Only the number is wanted: state how many lines of the data below contain the word "MaxoutLimiting".

:::

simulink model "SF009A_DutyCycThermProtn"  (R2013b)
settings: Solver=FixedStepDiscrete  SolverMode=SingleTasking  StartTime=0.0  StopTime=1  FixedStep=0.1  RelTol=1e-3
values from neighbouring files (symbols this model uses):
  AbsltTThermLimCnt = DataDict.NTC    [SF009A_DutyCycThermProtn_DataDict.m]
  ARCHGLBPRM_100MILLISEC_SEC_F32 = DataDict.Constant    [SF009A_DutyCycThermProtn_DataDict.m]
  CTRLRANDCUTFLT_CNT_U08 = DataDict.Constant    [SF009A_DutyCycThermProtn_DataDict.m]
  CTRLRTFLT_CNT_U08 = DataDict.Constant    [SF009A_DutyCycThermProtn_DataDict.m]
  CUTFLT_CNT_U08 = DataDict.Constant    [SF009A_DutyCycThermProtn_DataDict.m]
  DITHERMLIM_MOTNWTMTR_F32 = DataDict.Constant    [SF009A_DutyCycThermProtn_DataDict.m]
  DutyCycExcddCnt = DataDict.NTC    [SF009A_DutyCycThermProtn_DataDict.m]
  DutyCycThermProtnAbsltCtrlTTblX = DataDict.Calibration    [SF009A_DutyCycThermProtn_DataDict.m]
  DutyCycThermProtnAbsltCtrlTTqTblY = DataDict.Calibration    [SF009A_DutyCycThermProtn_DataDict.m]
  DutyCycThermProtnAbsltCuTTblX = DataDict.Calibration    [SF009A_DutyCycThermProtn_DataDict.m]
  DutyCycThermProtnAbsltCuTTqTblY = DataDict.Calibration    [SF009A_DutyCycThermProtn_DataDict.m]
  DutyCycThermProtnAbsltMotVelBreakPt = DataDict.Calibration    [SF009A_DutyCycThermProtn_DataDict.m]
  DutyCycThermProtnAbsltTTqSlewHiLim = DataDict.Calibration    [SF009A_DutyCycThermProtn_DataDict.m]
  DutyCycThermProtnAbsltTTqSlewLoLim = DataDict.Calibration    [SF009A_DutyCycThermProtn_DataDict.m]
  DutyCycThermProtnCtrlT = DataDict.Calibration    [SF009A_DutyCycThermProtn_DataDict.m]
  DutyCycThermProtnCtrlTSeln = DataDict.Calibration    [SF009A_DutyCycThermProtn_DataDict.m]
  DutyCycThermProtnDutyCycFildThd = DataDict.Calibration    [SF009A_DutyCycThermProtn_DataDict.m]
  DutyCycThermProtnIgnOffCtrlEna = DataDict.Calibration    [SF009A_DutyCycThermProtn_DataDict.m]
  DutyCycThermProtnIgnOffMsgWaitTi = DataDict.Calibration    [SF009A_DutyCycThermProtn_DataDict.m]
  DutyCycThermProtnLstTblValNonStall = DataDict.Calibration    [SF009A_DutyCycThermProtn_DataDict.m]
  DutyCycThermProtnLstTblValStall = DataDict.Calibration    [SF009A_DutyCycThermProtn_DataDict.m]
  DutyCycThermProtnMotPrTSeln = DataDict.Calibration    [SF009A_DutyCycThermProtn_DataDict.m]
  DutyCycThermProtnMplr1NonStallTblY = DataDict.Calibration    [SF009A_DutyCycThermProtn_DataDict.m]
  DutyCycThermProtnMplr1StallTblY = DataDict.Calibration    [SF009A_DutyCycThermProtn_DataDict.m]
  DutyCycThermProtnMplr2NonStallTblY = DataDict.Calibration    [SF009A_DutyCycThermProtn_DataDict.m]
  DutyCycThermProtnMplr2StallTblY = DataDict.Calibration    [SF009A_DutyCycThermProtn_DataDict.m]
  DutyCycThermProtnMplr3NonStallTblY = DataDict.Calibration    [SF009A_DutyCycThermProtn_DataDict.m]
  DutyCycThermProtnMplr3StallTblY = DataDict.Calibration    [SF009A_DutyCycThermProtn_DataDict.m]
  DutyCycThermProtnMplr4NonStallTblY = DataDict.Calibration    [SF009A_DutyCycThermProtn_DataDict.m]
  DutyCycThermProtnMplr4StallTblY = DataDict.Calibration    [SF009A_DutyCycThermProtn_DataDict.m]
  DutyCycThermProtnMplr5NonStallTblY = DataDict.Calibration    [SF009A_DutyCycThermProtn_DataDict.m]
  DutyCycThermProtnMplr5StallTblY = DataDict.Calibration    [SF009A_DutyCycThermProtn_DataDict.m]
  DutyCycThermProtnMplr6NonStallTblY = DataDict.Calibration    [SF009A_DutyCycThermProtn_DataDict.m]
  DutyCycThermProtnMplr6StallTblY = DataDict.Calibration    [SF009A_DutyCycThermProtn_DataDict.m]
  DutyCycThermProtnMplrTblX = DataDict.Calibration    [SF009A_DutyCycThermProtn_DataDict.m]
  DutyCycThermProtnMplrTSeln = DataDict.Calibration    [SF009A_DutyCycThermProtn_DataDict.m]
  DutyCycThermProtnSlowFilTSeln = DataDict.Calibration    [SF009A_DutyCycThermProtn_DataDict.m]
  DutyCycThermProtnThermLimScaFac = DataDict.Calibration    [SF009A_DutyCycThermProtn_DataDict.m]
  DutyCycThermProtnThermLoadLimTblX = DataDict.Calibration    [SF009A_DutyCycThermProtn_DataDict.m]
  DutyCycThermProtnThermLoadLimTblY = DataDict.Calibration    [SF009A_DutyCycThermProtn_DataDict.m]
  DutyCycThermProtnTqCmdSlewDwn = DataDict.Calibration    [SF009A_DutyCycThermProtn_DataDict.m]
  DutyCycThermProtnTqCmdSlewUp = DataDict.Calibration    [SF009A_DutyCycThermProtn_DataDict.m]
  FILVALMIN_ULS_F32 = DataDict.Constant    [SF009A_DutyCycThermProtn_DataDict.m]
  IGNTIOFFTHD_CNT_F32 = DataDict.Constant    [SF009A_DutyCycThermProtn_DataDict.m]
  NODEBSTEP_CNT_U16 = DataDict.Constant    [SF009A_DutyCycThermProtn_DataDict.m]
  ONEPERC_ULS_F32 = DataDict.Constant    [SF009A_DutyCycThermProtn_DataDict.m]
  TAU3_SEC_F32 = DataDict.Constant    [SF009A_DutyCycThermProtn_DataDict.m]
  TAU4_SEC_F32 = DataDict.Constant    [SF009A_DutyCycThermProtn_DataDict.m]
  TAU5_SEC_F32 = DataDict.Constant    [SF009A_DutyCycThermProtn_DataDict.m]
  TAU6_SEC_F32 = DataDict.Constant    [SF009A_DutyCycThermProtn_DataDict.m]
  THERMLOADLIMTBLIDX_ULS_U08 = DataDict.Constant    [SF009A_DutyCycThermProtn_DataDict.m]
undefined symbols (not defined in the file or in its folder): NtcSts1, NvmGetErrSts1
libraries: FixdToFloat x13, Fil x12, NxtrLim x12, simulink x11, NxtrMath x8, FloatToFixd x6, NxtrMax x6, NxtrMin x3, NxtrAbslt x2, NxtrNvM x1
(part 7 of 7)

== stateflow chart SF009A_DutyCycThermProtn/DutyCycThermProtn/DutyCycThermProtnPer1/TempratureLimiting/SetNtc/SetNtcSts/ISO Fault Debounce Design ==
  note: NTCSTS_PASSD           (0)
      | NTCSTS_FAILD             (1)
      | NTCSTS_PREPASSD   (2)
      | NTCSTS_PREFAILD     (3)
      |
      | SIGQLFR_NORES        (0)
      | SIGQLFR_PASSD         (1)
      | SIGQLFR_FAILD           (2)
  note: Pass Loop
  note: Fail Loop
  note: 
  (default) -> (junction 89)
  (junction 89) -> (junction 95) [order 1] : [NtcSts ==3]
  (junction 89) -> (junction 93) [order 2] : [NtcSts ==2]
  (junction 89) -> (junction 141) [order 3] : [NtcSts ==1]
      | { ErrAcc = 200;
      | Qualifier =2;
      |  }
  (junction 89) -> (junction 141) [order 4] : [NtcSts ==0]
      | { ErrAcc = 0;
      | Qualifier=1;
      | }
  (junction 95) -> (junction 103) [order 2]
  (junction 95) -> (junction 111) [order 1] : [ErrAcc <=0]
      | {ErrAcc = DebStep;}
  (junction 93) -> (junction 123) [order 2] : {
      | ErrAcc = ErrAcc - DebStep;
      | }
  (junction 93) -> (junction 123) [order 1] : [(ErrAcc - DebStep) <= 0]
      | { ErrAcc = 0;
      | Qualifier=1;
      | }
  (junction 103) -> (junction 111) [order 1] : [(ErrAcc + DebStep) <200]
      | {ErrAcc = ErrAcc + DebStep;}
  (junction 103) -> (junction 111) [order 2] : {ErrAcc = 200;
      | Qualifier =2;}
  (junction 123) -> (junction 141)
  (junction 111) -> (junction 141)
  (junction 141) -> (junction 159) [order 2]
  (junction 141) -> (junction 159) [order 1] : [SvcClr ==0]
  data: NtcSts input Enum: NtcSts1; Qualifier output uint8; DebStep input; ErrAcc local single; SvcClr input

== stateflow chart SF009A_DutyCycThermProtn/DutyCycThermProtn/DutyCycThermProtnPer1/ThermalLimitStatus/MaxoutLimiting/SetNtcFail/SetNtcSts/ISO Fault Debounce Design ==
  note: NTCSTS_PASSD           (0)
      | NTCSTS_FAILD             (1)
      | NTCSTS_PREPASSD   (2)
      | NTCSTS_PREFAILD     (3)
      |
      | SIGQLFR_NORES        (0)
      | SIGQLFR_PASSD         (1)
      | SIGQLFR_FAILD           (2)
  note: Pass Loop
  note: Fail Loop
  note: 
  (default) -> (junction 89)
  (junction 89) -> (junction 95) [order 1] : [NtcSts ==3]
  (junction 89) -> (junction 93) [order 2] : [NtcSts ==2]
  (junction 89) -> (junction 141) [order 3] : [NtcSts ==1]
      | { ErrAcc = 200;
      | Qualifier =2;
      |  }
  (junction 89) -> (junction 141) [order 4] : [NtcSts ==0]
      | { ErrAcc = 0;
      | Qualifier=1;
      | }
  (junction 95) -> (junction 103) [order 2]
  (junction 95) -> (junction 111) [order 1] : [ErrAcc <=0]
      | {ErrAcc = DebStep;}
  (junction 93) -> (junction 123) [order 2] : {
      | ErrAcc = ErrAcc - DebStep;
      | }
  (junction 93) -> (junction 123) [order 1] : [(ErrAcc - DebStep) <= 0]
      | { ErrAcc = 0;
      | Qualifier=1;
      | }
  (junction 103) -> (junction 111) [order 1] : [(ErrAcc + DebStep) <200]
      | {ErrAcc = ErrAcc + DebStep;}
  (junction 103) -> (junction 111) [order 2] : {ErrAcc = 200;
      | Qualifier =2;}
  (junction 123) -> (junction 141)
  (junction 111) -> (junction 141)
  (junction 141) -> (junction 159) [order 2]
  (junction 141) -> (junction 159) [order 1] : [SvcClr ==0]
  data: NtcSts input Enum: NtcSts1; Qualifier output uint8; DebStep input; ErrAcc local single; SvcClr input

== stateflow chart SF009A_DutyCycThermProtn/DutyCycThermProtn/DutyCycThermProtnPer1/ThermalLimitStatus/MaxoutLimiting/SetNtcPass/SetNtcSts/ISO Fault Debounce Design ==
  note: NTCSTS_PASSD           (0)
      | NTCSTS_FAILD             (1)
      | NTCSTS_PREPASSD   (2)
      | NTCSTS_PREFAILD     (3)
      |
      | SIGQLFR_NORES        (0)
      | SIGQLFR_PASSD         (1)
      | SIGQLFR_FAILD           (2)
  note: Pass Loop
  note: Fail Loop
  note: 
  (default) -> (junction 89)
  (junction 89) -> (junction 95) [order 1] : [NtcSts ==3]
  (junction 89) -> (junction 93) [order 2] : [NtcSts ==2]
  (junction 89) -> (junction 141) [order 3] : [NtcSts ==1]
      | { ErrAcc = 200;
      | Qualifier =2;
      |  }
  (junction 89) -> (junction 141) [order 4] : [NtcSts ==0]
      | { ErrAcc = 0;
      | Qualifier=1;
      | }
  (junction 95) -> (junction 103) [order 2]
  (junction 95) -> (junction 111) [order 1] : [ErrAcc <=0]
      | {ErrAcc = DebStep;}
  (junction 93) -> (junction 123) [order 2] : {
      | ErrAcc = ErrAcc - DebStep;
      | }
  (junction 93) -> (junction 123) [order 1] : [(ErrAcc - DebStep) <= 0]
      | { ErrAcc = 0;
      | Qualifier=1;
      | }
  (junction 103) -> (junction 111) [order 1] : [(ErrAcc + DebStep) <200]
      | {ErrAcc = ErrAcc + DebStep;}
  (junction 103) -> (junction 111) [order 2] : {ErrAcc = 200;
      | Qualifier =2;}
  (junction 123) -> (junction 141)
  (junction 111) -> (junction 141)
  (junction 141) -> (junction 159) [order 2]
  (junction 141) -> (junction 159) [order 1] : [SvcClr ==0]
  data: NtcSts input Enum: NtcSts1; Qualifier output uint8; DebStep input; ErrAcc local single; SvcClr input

:::

■ RESPONSE: 2